Some of the items collected by Grigoriev remained in the Scientific Archive of the Russian Geographical Society. First of all, these are two photo albums: one with views of Japan, people, crafts, street life, domestic life, etc., the second with photographs depicting the life and ritual life of the Ainu. Those who follow the activities of the Russian Geographical Society today know about the wonderful projects that made these albums available for acquaintance to every Internet user.

In the same Scientific Archive of the Russian Geographical Society, sheets with 360 Ainu words are stored, which Grigoriev wrote down in the village of Yurappu on the coast of the Volcanic Bay of Hokkaido, where he went specially for this in December 1879.

The most valuable source

However, in our opinion, of all the collections collected by Grigoriev in Japan, the collection of Japanese books about the Ainu and maps of the Ainu lands is of the greatest value, uniqueness, informativeness and potential for further research.

Grigoriev donated 60 Japanese books and maps to the library of the Russian Geographical Society, as well as draft translations of some of them into Russian. Since some publications are multi-volume, and 26 maps and two appendices to them constitute, in fact, one atlas, there are 23 titles in total. Japanese manuscripts, woodcuts and maps of the Ainu lands were transferred in 1906 to the Asian Museum (now the Institute of Oriental Manuscripts of the Russian Academy of Sciences), and their translations remained in the Scientific Archive of the Russian Geographical Society.
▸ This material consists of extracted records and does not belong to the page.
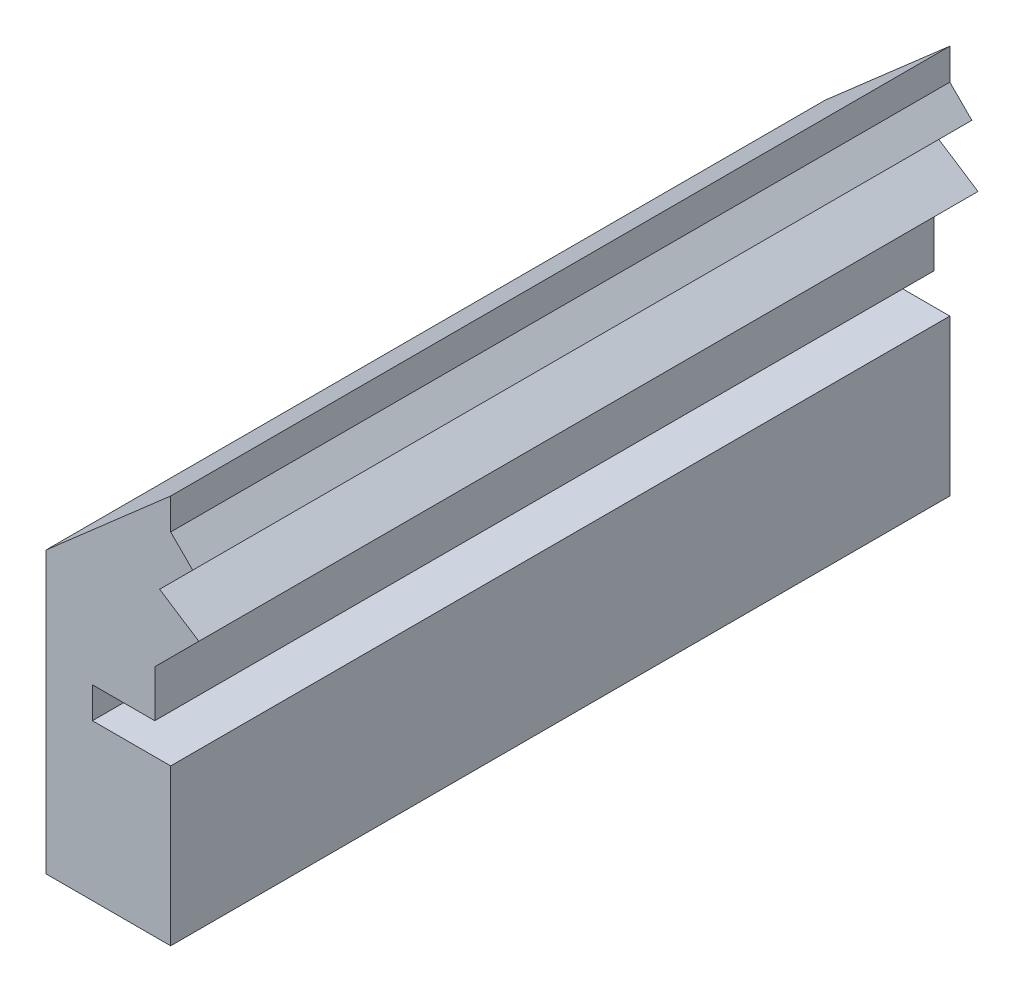
ISO-10303-21;
HEADER;
FILE_DESCRIPTION(('STEP AP214'),'2;1');
FILE_NAME('part.step','',(''),(''),'','','');
FILE_SCHEMA(('AUTOMOTIVE_DESIGN { 1 0 10303 214 1 1 1 1 }'));
ENDSEC;
DATA;
#1=APPLICATION_CONTEXT('core data for automotive mechanical design processes');
#2=APPLICATION_PROTOCOL_DEFINITION('international standard','automotive_design',2000,#1);
#3=PRODUCT_CONTEXT('',#1,'mechanical');
#4=PRODUCT('Part','Part','',(#3));
#5=PRODUCT_RELATED_PRODUCT_CATEGORY('part','',(#4));
#6=PRODUCT_DEFINITION_FORMATION('','',#4);
#7=PRODUCT_DEFINITION_CONTEXT('part definition',#1,'design');
#8=PRODUCT_DEFINITION('design','',#6,#7);
#9=PRODUCT_DEFINITION_SHAPE('','',#8);
#10=(LENGTH_UNIT() NAMED_UNIT(*) SI_UNIT(.MILLI.,.METRE.));
#11=(NAMED_UNIT(*) PLANE_ANGLE_UNIT() SI_UNIT($,.RADIAN.));
#12=(NAMED_UNIT(*) SI_UNIT($,.STERADIAN.) SOLID_ANGLE_UNIT());
#13=UNCERTAINTY_MEASURE_WITH_UNIT(LENGTH_MEASURE(1.E-05),#10,'distance_accuracy_value','');
#14=(GEOMETRIC_REPRESENTATION_CONTEXT(3) GLOBAL_UNCERTAINTY_ASSIGNED_CONTEXT((#13)) GLOBAL_UNIT_ASSIGNED_CONTEXT((#10,
#11,#12)) REPRESENTATION_CONTEXT('',''));
#15=CARTESIAN_POINT('',(0.,0.,0.));
#16=DIRECTION('',(0.,0.,1.));
#17=DIRECTION('',(1.,0.,0.));
#18=AXIS2_PLACEMENT_3D('',#15,#16,#17);
#19=CARTESIAN_POINT('',(-40.,-35.,250.));
#20=DIRECTION('',(0.658504607868518,-0.752576694706878,0.));
#21=DIRECTION('',(0.752576694706878,0.658504607868518,0.));
#22=AXIS2_PLACEMENT_3D('',#19,#20,#21);
#23=PLANE('',#22);
#24=DIRECTION('',(-0.752576694706878,-0.658504607868518,0.));
#25=VECTOR('',#24,1.);
#26=CARTESIAN_POINT('',(-40.,-35.,0.));
#27=LINE('',#26,#25);
#28=CARTESIAN_POINT('',(0.,0.,0.));
#29=VERTEX_POINT('',#28);
#30=CARTESIAN_POINT('',(-40.,-35.,0.));
#31=VERTEX_POINT('',#30);
#32=EDGE_CURVE('E159',#29,#31,#27,.T.);
#33=ORIENTED_EDGE('',*,*,#32,.T.);
#34=DIRECTION('',(0.,0.,-1.));
#35=VECTOR('',#34,1.);
#36=CARTESIAN_POINT('',(-40.,-35.,250.));
#37=LINE('',#36,#35);
#38=CARTESIAN_POINT('',(-40.,-35.,250.));
#39=VERTEX_POINT('',#38);
#40=EDGE_CURVE('E11',#39,#31,#37,.T.);
#41=ORIENTED_EDGE('',*,*,#40,.F.);
#42=DIRECTION('',(-0.752576694706878,-0.658504607868518,0.));
#43=VECTOR('',#42,1.);
#44=CARTESIAN_POINT('',(-40.,-35.,250.));
#45=LINE('',#44,#43);
#46=CARTESIAN_POINT('',(0.,0.,250.));
#47=VERTEX_POINT('',#46);
#48=EDGE_CURVE('E183',#47,#39,#45,.T.);
#49=ORIENTED_EDGE('',*,*,#48,.F.);
#50=DIRECTION('',(0.,0.,-1.));
#51=VECTOR('',#50,1.);
#52=CARTESIAN_POINT('',(0.,0.,250.));
#53=LINE('',#52,#51);
#54=EDGE_CURVE('E155',#47,#29,#53,.T.);
#55=ORIENTED_EDGE('',*,*,#54,.T.);
#56=EDGE_LOOP('',(#33,#41,#49,#55));
#57=FACE_BOUND('',#56,.T.);
#58=ADVANCED_FACE('F33',(#57),#23,.F.);
#59=CARTESIAN_POINT('',(-40.,-125.,250.));
#60=DIRECTION('',(1.,0.,0.));
#61=DIRECTION('',(0.,0.,-1.));
#62=AXIS2_PLACEMENT_3D('',#59,#60,#61);
#63=PLANE('',#62);
#64=DIRECTION('',(0.,-1.,0.));
#65=VECTOR('',#64,1.);
#66=CARTESIAN_POINT('',(-40.,-125.,0.));
#67=LINE('',#66,#65);
#68=CARTESIAN_POINT('',(-40.,-125.,0.));
#69=VERTEX_POINT('',#68);
#70=EDGE_CURVE('E162',#31,#69,#67,.T.);
#71=ORIENTED_EDGE('',*,*,#70,.T.);
#72=DIRECTION('',(0.,0.,-1.));
#73=VECTOR('',#72,1.);
#74=CARTESIAN_POINT('',(-40.,-125.,250.));
#75=LINE('',#74,#73);
#76=CARTESIAN_POINT('',(-40.,-125.,250.));
#77=VERTEX_POINT('',#76);
#78=EDGE_CURVE('E41',#77,#69,#75,.T.);
#79=ORIENTED_EDGE('',*,*,#78,.F.);
#80=DIRECTION('',(0.,-1.,0.));
#81=VECTOR('',#80,1.);
#82=CARTESIAN_POINT('',(-40.,-125.,250.));
#83=LINE('',#82,#81);
#84=EDGE_CURVE('E107',#39,#77,#83,.T.);
#85=ORIENTED_EDGE('',*,*,#84,.F.);
#86=ORIENTED_EDGE('',*,*,#40,.T.);
#87=EDGE_LOOP('',(#71,#79,#85,#86));
#88=FACE_BOUND('',#87,.T.);
#89=ADVANCED_FACE('F266',(#88),#63,.F.);
#90=CARTESIAN_POINT('',(0.,-125.,250.));
#91=DIRECTION('',(0.,1.,0.));
#92=DIRECTION('',(0.,0.,1.));
#93=AXIS2_PLACEMENT_3D('',#90,#91,#92);
#94=PLANE('',#93);
#95=DIRECTION('',(1.,0.,0.));
#96=VECTOR('',#95,1.);
#97=CARTESIAN_POINT('',(0.,-125.,0.));
#98=LINE('',#97,#96);
#99=CARTESIAN_POINT('',(0.,-125.,0.));
#100=VERTEX_POINT('',#99);
#101=EDGE_CURVE('E164',#69,#100,#98,.T.);
#102=ORIENTED_EDGE('',*,*,#101,.T.);
#103=DIRECTION('',(0.,0.,-1.));
#104=VECTOR('',#103,1.);
#105=CARTESIAN_POINT('',(0.,-125.,250.));
#106=LINE('',#105,#104);
#107=CARTESIAN_POINT('',(0.,-125.,250.));
#108=VERTEX_POINT('',#107);
#109=EDGE_CURVE('E205',#108,#100,#106,.T.);
#110=ORIENTED_EDGE('',*,*,#109,.F.);
#111=DIRECTION('',(1.,0.,0.));
#112=VECTOR('',#111,1.);
#113=CARTESIAN_POINT('',(0.,-125.,250.));
#114=LINE('',#113,#112);
#115=EDGE_CURVE('E213',#77,#108,#114,.T.);
#116=ORIENTED_EDGE('',*,*,#115,.F.);
#117=ORIENTED_EDGE('',*,*,#78,.T.);
#118=EDGE_LOOP('',(#102,#110,#116,#117));
#119=FACE_BOUND('',#118,.T.);
#120=ADVANCED_FACE('F211',(#119),#94,.F.);
#121=CARTESIAN_POINT('',(0.,-75.,250.));
#122=DIRECTION('',(-1.,0.,0.));
#123=DIRECTION('',(0.,-1.,0.));
#124=AXIS2_PLACEMENT_3D('',#121,#122,#123);
#125=PLANE('',#124);
#126=DIRECTION('',(0.,1.,0.));
#127=VECTOR('',#126,1.);
#128=CARTESIAN_POINT('',(0.,-75.,0.));
#129=LINE('',#128,#127);
#130=CARTESIAN_POINT('',(0.,-75.,0.));
#131=VERTEX_POINT('',#130);
#132=EDGE_CURVE('E166',#100,#131,#129,.T.);
#133=ORIENTED_EDGE('',*,*,#132,.T.);
#134=DIRECTION('',(0.,0.,-1.));
#135=VECTOR('',#134,1.);
#136=CARTESIAN_POINT('',(0.,-75.,250.));
#137=LINE('',#136,#135);
#138=CARTESIAN_POINT('',(0.,-75.,250.));
#139=VERTEX_POINT('',#138);
#140=EDGE_CURVE('E202',#139,#131,#137,.T.);
#141=ORIENTED_EDGE('',*,*,#140,.F.);
#142=DIRECTION('',(0.,1.,0.));
#143=VECTOR('',#142,1.);
#144=CARTESIAN_POINT('',(0.,-75.,250.));
#145=LINE('',#144,#143);
#146=EDGE_CURVE('E231',#108,#139,#145,.T.);
#147=ORIENTED_EDGE('',*,*,#146,.F.);
#148=ORIENTED_EDGE('',*,*,#109,.T.);
#149=EDGE_LOOP('',(#133,#141,#147,#148));
#150=FACE_BOUND('',#149,.T.);
#151=ADVANCED_FACE('F222',(#150),#125,.F.);
#152=CARTESIAN_POINT('',(-25.1045071481636,-75.,250.));
#153=DIRECTION('',(0.,-1.,0.));
#154=DIRECTION('',(1.,0.,0.));
#155=AXIS2_PLACEMENT_3D('',#152,#153,#154);
#156=PLANE('',#155);
#157=DIRECTION('',(-1.,0.,0.));
#158=VECTOR('',#157,1.);
#159=CARTESIAN_POINT('',(-25.1045071481636,-75.,0.));
#160=LINE('',#159,#158);
#161=CARTESIAN_POINT('',(-25.1045071481636,-75.,0.));
#162=VERTEX_POINT('',#161);
#163=EDGE_CURVE('E168',#131,#162,#160,.T.);
#164=ORIENTED_EDGE('',*,*,#163,.T.);
#165=DIRECTION('',(0.,0.,-1.));
#166=VECTOR('',#165,1.);
#167=CARTESIAN_POINT('',(-25.1045071481636,-75.,250.));
#168=LINE('',#167,#166);
#169=CARTESIAN_POINT('',(-25.1045071481636,-75.,250.));
#170=VERTEX_POINT('',#169);
#171=EDGE_CURVE('E199',#170,#162,#168,.T.);
#172=ORIENTED_EDGE('',*,*,#171,.F.);
#173=DIRECTION('',(-1.,0.,0.));
#174=VECTOR('',#173,1.);
#175=CARTESIAN_POINT('',(-25.1045071481636,-75.,250.));
#176=LINE('',#175,#174);
#177=EDGE_CURVE('E228',#139,#170,#176,.T.);
#178=ORIENTED_EDGE('',*,*,#177,.F.);
#179=ORIENTED_EDGE('',*,*,#140,.T.);
#180=EDGE_LOOP('',(#164,#172,#178,#179));
#181=FACE_BOUND('',#180,.T.);
#182=ADVANCED_FACE('F226',(#181),#156,.F.);
#183=CARTESIAN_POINT('',(-25.1045071481636,-65.,250.));
#184=DIRECTION('',(-1.,0.,0.));
#185=DIRECTION('',(0.,0.,1.));
#186=AXIS2_PLACEMENT_3D('',#183,#184,#185);
#187=PLANE('',#186);
#188=DIRECTION('',(0.,1.,0.));
#189=VECTOR('',#188,1.);
#190=CARTESIAN_POINT('',(-25.1045071481636,-65.,0.));
#191=LINE('',#190,#189);
#192=CARTESIAN_POINT('',(-25.1045071481636,-65.,0.));
#193=VERTEX_POINT('',#192);
#194=EDGE_CURVE('E170',#162,#193,#191,.T.);
#195=ORIENTED_EDGE('',*,*,#194,.T.);
#196=DIRECTION('',(0.,0.,-1.));
#197=VECTOR('',#196,1.);
#198=CARTESIAN_POINT('',(-25.1045071481636,-65.,250.));
#199=LINE('',#198,#197);
#200=CARTESIAN_POINT('',(-25.1045071481636,-65.,250.));
#201=VERTEX_POINT('',#200);
#202=EDGE_CURVE('E196',#201,#193,#199,.T.);
#203=ORIENTED_EDGE('',*,*,#202,.F.);
#204=DIRECTION('',(0.,1.,0.));
#205=VECTOR('',#204,1.);
#206=CARTESIAN_POINT('',(-25.1045071481636,-65.,250.));
#207=LINE('',#206,#205);
#208=EDGE_CURVE('E230',#170,#201,#207,.T.);
#209=ORIENTED_EDGE('',*,*,#208,.F.);
#210=ORIENTED_EDGE('',*,*,#171,.T.);
#211=EDGE_LOOP('',(#195,#203,#209,#210));
#212=FACE_BOUND('',#211,.T.);
#213=ADVANCED_FACE('F279',(#212),#187,.F.);
#214=CARTESIAN_POINT('',(-5.10450714816356,-65.,250.));
#215=DIRECTION('',(0.,1.,0.));
#216=DIRECTION('',(0.,0.,1.));
#217=AXIS2_PLACEMENT_3D('',#214,#215,#216);
#218=PLANE('',#217);
#219=DIRECTION('',(1.,0.,0.));
#220=VECTOR('',#219,1.);
#221=CARTESIAN_POINT('',(-5.10450714816356,-65.,0.));
#222=LINE('',#221,#220);
#223=CARTESIAN_POINT('',(-5.10450714816356,-65.,0.));
#224=VERTEX_POINT('',#223);
#225=EDGE_CURVE('E172',#193,#224,#222,.T.);
#226=ORIENTED_EDGE('',*,*,#225,.T.);
#227=DIRECTION('',(0.,0.,-1.));
#228=VECTOR('',#227,1.);
#229=CARTESIAN_POINT('',(-5.10450714816356,-65.,250.));
#230=LINE('',#229,#228);
#231=CARTESIAN_POINT('',(-5.10450714816356,-65.,250.));
#232=VERTEX_POINT('',#231);
#233=EDGE_CURVE('E193',#232,#224,#230,.T.);
#234=ORIENTED_EDGE('',*,*,#233,.F.);
#235=DIRECTION('',(1.,0.,0.));
#236=VECTOR('',#235,1.);
#237=CARTESIAN_POINT('',(-5.10450714816356,-65.,250.));
#238=LINE('',#237,#236);
#239=EDGE_CURVE('E233',#201,#232,#238,.T.);
#240=ORIENTED_EDGE('',*,*,#239,.F.);
#241=ORIENTED_EDGE('',*,*,#202,.T.);
#242=EDGE_LOOP('',(#226,#234,#240,#241));
#243=FACE_BOUND('',#242,.T.);
#244=ADVANCED_FACE('F282',(#243),#218,.F.);
#245=CARTESIAN_POINT('',(-5.10450714816356,-50.,250.));
#246=DIRECTION('',(-1.,0.,0.));
#247=DIRECTION('',(0.,-1.,0.));
#248=AXIS2_PLACEMENT_3D('',#245,#246,#247);
#249=PLANE('',#248);
#250=DIRECTION('',(0.,1.,0.));
#251=VECTOR('',#250,1.);
#252=CARTESIAN_POINT('',(-5.10450714816356,-50.,0.));
#253=LINE('',#252,#251);
#254=CARTESIAN_POINT('',(-5.10450714816356,-50.,0.));
#255=VERTEX_POINT('',#254);
#256=EDGE_CURVE('E174',#224,#255,#253,.T.);
#257=ORIENTED_EDGE('',*,*,#256,.T.);
#258=DIRECTION('',(0.,0.,-1.));
#259=VECTOR('',#258,1.);
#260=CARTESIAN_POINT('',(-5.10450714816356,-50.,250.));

The authors of these texts were, as a rule, minor officials, whom the military government of Japan, the bakufu, sent to the lands of the Ainu to inspect trade and draw up maps. Richly illustrated, these books contain valuable information on the history and culture of the Ainu, recorded from the beginning of the 18th to the middle of the 19th century, at a time when Russian and Western scientists and travelers did not yet have the opportunity to stay in their places of residence for a long time.

At the end of the 19th century, when such an opportunity arose, the Ainu culture began to disappear literally before our eyes under the influence of the policy of the Japanese government, which set a course to turn the Ainu into Japanese peasants by banning traditional crafts, rituals and occupations. Therefore, even today, this corpus of texts remains the most important source for all Ainu scholars and other anthropologists.